Furthermore, the results of the present work also showed that addition of 100–250 mM trehalose to a glycerol-free extender preserves the acrosome integrity and that the percentage of acrosome-intact spermatozoa was positively correlated with the trehalose concentration. According to Hu et al. [19], addition of 100–200 mM trehalose to an extender containing 3% glycerol preserves the acrosome integrity of boar spermatozoa. This result is also consistent with our current result showing that acrosome integrity was significantly maintained in the presence of 100 mM trehalose rather than 100 mM glycerol. However, higher concentrations of trehalose in the presence of glycerol have also been reported to have a detrimental effect on the acrosome integrity of frozen-thawed spermatozoa [39]. It has been suggested that the main cryoprotective effect of trehalose is preservation of the membrane structure. Lambruschini et al. [38] stated that trehalose participates in the network of hydrogen bonds between the phospholipid polar heads, thus replacing the water of hydration at the membrane-fluid interface and maintaining the head groups at their hydrated position. In addition, the osmotic effect of trehalose decreases the intracellular freezable water and hence the formation of ice crystals inside the cells [8]. Therefore, using 100 mM trehalose as a cryoprotectant in the extender for boar spermatozoa reduces the injuries in membranes and consequently improves the motility, MMP and acrosome integrity of frozen-thawed spermatozoa.

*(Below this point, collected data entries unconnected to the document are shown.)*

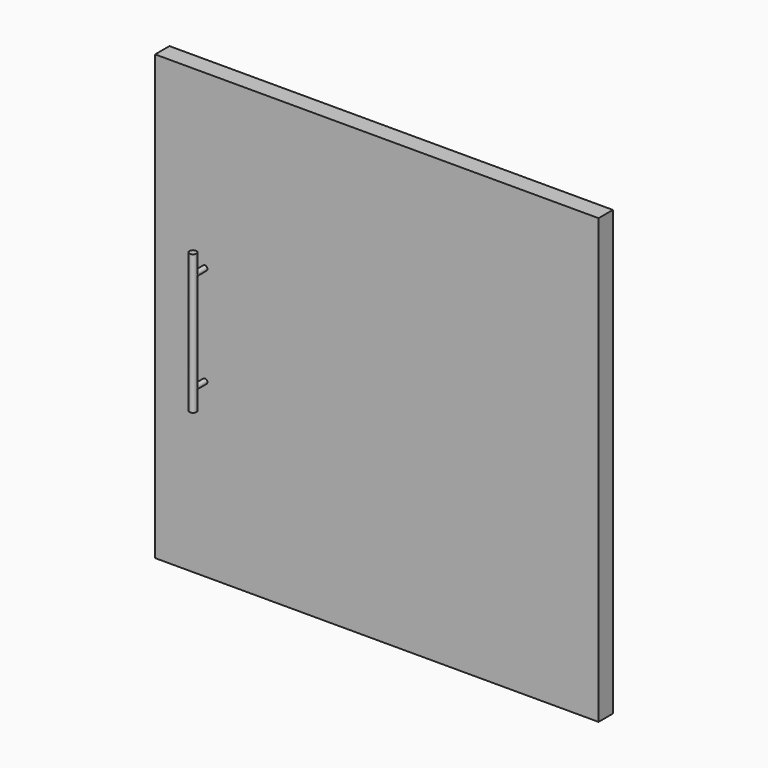
from build123d import *

# Parameters (mm, degrees)
F0_W     = 445
F0_H     = 445
F1_DEPTH = 18
F2_R     = 2.5
F3_DEPTH = 15
F4_R     = 3.5
F5_DEPTH = 70


# Not quite as in the source:
# - a pattern or mirror of a feature is missing from the dataset's text; its kind, count and spacing are read off the source's solid


with BuildPart() as f1:
    # F0 (on Front) → F1 (new body)
    with BuildSketch(Plane.XZ):
        Rectangle(F0_W, F0_H)
    extrude(amount=F1_DEPTH)

    # F2 (on face) → F3 (join)
    with BuildSketch(Plane.XZ.offset(18)):
        with Locations((-172.5, 50)):
            Circle(F2_R)
    f3 = extrude(amount=F3_DEPTH)

    # F3_copies: F3 across plane
    add(f3.mirror(Plane(origin=(0, 0, -1e-05), x_dir=(-1, 0, 0), z_dir=(0, 0, -1))))

    # F4 (on Top) → F5 (join, symmetric)
    with BuildSketch(Plane.XY):
        with Locations((-172.5, -33)):
            Circle(F4_R)
    extrude(amount=F5_DEPTH, both=True)


solid = f1.part
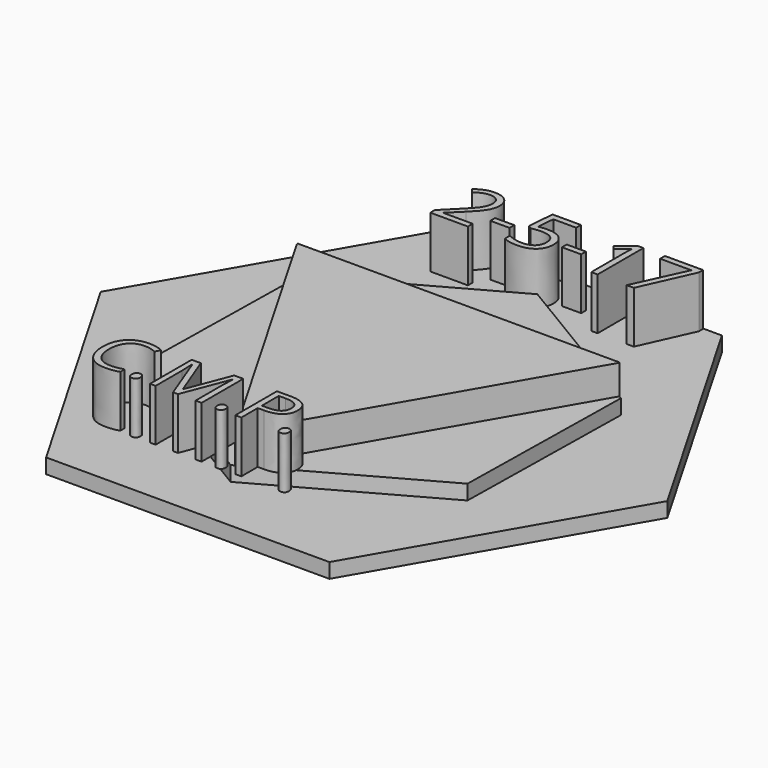
from build123d import *

# Parameters (mm, degrees)
F1_DEPTH      = 2
F3_DEPTH      = 2
F5_DEPTH      = 4
F8_TEXT_SIZE  = 9.8551261342
F9_DEPTH      = 7
F10_TEXT_SIZE = 10.8356286455
F11_DEPTH     = 7


# Not quite as in the source:
# - the program builds the solid bodies; features that only make, move or delete a surface that nothing else refers to are left out
# - Text() gives the source's letters only with a copy of the font that has no kerning and outlines rounded to 1/6400 em; it was checked with that copy


with BuildPart() as f1:
    # F0 (on Top) → F1 (new body)
    with BuildSketch(Plane.XY):
        Polygon((19.1414662904, 33.1539921463), (-19.1414662904, 33.1539921463), (-38.2829325807, 0), (-19.1414662904, -33.1539921463), (19.1414662904, -33.1539921463), (38.2829325807, 0), align=None)
    extrude(amount=F1_DEPTH)

    # F2 (on face) → F3 (join)
    with BuildSketch(Plane.XY.offset(2)):
        Polygon((0.4458033811, 25.3523395215), (-21.7328683805, 13.0622468139), (-22.1786717616, -12.2900927076), (-0.4458033811, -25.3523395215), (21.7328683805, -13.0622468139), (22.1786717616, 12.2900927076), align=None)
    extrude(amount=F3_DEPTH)

    # F4 (on face) → F5 (join)
    with BuildSketch(Plane.XY.offset(4)):
        Polygon((21.6614480918, 12.6009630039), (-21.7409797377, 12.6009630039), (-21.7434781194, 12.4588828283), (-0.0422642047, -25.128722258), (0.0820300277, -25.0598458322), (21.7832439424, 12.527759254), align=None)
    extrude(amount=F5_DEPTH)

    # F10 (on face) → F11 (join)
    with BuildSketch(Plane.XY.offset(2)):
        with Locations((-14.5583944395, 25.3523395215)):
            Text('2-5-17', F10_TEXT_SIZE, font='Open Sans', text_align=(TextAlign.LEFT, TextAlign.BOTTOM))
    extrude(amount=F11_DEPTH)


with BuildPart() as f9:
    # F8 (on face) → F9 (new body)
    with BuildSketch(Plane.XY.offset(8)):
        with Locations((-15.2924312279, -32.6646342874)):
            Text('C.M.P.', F8_TEXT_SIZE, font='Open Sans', text_align=(TextAlign.LEFT, TextAlign.BOTTOM))
    extrude(amount=F9_DEPTH)


solid = Compound([f1.part, f9.part])

As trehalose preserves membrane fluidity during cryopreservation, it would eventually affect fertility as well. However, a limited number of studies have been carried out to evaluate the fertility of spermatozoa frozen-thawed with trehalose. The results of the current study clearly demonstrated that replacement of glycerol in an extender for cryopreservation with trehalose improved the in vitro penetrability of frozen-thawed boar spermatozoa. Malo et al. [14] achieved an in vitro penetration rate of 57.5% when boar spermatozoa were cryopreserved with trehalose in a glycerol-based extender. Supplementation of an extender containing 5% glycerol with 100 mM trehalose has been also reported to improve the fertility of frozen-thawed ram spermatozoa following artificial insemination in ewes [29]. In a recent report in mice [12], frozen-thawed spermatozoa cryopreserved with 300 mM trehalose retained significantly better fertility (79%) than those frozen in 0.3 M glycerol (11%). The presence of trehalose as a cryoprotectant in an extender improved the penetrability of frozen-thawed boar spermatozoa as compared with the combine effect of glycerol or using glycerol alone as the cryoprotectant, probably due to its favorable effects on the biological membranes.

In conclusion, trehalose, a non-permeable sugar, was capable of maintaining good levels of motility, viability, acrosome integrity, mitochondrial membrane potential and in-vitro penetrability of boar spermatozoa after cryopreservation in a glycerol-free freezing extender. We also recommend applying 100 mM trehalose as the optimum concentration to a glycerol-free freezing extender for cryopreservation of boar spermatozoa.